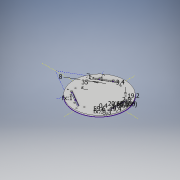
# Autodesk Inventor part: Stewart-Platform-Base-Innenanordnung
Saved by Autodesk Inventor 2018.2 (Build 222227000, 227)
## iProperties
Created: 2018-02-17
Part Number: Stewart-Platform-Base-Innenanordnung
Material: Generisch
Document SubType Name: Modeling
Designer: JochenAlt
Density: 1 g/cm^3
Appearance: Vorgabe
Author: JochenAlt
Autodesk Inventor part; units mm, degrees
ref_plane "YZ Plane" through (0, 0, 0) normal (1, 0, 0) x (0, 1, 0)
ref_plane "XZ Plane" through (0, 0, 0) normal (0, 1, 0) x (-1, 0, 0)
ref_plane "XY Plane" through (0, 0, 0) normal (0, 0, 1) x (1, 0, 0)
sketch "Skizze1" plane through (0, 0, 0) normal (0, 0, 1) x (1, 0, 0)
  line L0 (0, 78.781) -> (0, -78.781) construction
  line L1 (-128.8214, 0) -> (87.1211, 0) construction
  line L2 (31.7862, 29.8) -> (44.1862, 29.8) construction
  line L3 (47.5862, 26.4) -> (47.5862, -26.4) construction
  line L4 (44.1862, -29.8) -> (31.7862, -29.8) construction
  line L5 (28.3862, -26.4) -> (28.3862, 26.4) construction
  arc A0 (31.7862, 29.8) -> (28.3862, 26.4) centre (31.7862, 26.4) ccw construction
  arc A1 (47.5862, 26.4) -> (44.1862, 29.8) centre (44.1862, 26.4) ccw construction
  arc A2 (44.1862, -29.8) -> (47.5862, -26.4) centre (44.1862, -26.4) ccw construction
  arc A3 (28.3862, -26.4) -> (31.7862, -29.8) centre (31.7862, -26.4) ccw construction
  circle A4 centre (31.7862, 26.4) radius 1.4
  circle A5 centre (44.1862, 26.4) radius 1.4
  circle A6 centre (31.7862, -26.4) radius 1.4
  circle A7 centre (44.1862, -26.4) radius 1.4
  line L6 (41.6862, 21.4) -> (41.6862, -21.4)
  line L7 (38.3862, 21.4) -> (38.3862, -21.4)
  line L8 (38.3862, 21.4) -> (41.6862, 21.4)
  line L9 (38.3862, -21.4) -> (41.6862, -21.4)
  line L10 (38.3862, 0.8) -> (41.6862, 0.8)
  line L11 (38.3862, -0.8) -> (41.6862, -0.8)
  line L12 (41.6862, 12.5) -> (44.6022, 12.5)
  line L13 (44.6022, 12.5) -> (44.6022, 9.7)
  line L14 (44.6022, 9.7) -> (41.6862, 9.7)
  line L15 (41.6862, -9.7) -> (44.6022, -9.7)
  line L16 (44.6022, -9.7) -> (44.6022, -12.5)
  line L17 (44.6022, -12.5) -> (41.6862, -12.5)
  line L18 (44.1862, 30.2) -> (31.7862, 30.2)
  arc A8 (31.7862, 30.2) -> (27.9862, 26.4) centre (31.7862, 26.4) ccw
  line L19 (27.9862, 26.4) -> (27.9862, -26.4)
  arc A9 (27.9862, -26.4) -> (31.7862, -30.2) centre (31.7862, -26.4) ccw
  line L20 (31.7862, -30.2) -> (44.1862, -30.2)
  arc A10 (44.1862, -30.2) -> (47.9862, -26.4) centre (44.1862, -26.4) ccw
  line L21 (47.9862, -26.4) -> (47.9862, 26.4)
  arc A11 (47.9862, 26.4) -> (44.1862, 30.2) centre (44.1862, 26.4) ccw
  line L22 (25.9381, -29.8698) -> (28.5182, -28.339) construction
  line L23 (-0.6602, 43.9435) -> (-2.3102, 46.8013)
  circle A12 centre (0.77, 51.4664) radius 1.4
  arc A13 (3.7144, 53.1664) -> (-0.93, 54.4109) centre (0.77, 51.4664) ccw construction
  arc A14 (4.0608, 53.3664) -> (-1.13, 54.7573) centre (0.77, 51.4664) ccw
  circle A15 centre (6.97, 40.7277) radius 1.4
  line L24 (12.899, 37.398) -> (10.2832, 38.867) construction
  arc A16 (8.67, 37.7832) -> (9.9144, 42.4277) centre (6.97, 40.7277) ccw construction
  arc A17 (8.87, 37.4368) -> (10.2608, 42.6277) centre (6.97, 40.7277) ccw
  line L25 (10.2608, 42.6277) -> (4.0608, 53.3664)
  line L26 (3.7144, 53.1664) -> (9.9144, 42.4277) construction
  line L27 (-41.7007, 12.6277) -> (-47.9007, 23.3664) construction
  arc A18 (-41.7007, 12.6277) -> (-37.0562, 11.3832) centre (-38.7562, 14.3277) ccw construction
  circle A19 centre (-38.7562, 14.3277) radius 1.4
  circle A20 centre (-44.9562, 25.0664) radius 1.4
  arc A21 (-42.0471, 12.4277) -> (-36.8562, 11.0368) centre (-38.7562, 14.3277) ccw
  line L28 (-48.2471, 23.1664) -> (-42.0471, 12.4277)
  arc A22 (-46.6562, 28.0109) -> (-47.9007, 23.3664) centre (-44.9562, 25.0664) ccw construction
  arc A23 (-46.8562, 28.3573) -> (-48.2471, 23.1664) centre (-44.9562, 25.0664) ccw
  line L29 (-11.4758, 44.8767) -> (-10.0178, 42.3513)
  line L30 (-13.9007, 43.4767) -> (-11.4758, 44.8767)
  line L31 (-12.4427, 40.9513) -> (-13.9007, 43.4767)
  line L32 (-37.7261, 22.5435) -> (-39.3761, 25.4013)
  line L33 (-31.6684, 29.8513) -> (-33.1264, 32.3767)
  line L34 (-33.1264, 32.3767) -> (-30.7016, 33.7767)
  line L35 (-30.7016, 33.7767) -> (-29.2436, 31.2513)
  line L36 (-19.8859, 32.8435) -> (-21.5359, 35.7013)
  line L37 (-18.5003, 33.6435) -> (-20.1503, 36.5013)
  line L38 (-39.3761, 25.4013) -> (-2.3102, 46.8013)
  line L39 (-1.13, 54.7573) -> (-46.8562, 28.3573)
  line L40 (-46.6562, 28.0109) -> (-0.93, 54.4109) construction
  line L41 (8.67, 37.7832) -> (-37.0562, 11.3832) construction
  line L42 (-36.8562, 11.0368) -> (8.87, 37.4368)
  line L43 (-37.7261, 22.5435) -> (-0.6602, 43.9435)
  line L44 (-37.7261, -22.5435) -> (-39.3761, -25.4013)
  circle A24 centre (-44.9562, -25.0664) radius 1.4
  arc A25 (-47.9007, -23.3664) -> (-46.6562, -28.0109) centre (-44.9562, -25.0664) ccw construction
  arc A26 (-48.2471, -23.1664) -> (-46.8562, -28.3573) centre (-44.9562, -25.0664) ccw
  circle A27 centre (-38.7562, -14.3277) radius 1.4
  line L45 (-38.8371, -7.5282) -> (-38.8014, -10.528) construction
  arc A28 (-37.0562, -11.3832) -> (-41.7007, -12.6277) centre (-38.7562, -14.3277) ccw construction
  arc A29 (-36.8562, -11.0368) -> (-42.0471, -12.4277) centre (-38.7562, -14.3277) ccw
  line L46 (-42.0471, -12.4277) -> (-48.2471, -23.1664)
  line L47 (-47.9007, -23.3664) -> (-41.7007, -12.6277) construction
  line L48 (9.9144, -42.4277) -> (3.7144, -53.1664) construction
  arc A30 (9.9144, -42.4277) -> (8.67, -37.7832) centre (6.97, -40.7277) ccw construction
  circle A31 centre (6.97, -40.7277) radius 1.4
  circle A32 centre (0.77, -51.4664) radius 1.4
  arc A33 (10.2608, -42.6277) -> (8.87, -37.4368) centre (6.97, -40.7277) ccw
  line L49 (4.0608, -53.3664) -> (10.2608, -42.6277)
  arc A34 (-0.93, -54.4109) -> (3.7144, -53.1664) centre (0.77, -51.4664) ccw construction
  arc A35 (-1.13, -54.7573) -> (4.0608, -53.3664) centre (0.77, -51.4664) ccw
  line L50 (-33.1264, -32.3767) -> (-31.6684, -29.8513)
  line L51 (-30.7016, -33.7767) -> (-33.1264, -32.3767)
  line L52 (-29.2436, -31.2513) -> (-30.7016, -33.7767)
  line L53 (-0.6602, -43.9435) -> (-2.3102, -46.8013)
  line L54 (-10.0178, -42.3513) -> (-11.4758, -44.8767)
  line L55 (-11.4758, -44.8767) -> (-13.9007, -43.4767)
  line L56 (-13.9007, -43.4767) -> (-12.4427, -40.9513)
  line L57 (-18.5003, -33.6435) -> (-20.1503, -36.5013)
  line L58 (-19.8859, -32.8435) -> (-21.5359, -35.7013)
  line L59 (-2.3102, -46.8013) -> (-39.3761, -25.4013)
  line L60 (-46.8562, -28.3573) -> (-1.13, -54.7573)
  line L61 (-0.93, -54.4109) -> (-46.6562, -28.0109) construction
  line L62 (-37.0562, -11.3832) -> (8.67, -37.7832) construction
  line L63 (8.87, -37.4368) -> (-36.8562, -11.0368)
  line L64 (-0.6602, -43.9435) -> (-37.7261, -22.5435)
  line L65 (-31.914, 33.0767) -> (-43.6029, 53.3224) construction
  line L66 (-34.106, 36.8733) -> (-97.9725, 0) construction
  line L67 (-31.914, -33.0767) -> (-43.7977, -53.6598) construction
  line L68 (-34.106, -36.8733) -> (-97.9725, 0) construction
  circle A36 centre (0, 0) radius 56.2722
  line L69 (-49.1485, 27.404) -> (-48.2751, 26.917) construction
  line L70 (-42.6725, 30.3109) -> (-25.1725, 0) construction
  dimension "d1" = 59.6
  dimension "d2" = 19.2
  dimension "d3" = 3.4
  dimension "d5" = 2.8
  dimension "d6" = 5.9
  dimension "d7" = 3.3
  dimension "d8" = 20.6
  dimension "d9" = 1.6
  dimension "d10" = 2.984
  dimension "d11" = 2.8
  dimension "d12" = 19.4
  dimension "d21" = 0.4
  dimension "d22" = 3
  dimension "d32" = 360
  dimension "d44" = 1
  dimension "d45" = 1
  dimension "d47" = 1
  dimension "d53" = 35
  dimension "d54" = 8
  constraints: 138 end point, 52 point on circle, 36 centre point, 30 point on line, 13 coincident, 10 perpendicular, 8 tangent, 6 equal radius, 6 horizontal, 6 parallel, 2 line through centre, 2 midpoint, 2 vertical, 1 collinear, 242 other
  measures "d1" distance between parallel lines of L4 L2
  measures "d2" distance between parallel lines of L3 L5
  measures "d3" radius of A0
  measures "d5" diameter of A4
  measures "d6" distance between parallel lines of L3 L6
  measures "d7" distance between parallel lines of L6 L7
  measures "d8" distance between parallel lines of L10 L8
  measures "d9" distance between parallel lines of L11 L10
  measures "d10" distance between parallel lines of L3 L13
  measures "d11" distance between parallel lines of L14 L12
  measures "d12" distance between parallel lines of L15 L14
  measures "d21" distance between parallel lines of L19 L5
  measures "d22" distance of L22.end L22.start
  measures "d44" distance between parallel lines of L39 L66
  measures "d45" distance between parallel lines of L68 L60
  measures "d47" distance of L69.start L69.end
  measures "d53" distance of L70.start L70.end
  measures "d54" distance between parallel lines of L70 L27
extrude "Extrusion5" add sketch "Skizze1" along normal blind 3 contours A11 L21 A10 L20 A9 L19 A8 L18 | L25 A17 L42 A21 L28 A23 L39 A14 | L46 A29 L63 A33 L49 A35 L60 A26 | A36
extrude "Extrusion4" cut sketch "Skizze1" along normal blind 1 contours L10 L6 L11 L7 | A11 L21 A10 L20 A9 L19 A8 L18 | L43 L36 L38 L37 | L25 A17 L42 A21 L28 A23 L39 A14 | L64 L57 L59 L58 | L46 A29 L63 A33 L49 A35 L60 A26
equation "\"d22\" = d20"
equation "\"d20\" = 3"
※ ※ ※
### Assignment
Go through the entries and copy every line that has "extrude".

### Response to this task
extrude "Extrusion5" add sketch "Skizze1" along normal blind 3 contours A11 L21 A10 L20 A9 L19 A8 L18 | L25 A17 L42 A21 L28 A23 L39 A14 | L46 A29 L63 A33 L49 A35 L60 A26 | A36
extrude "Extrusion4" cut sketch "Skizze1" along normal blind 1 contours L10 L6 L11 L7 | A11 L21 A10 L20 A9 L19 A8 L18 | L43 L36 L38 L37 | L25 A17 L42 A21 L28 A23 L39 A14 | L64 L57 L59 L58 | L46 A29 L63 A33 L49 A35 L60 A26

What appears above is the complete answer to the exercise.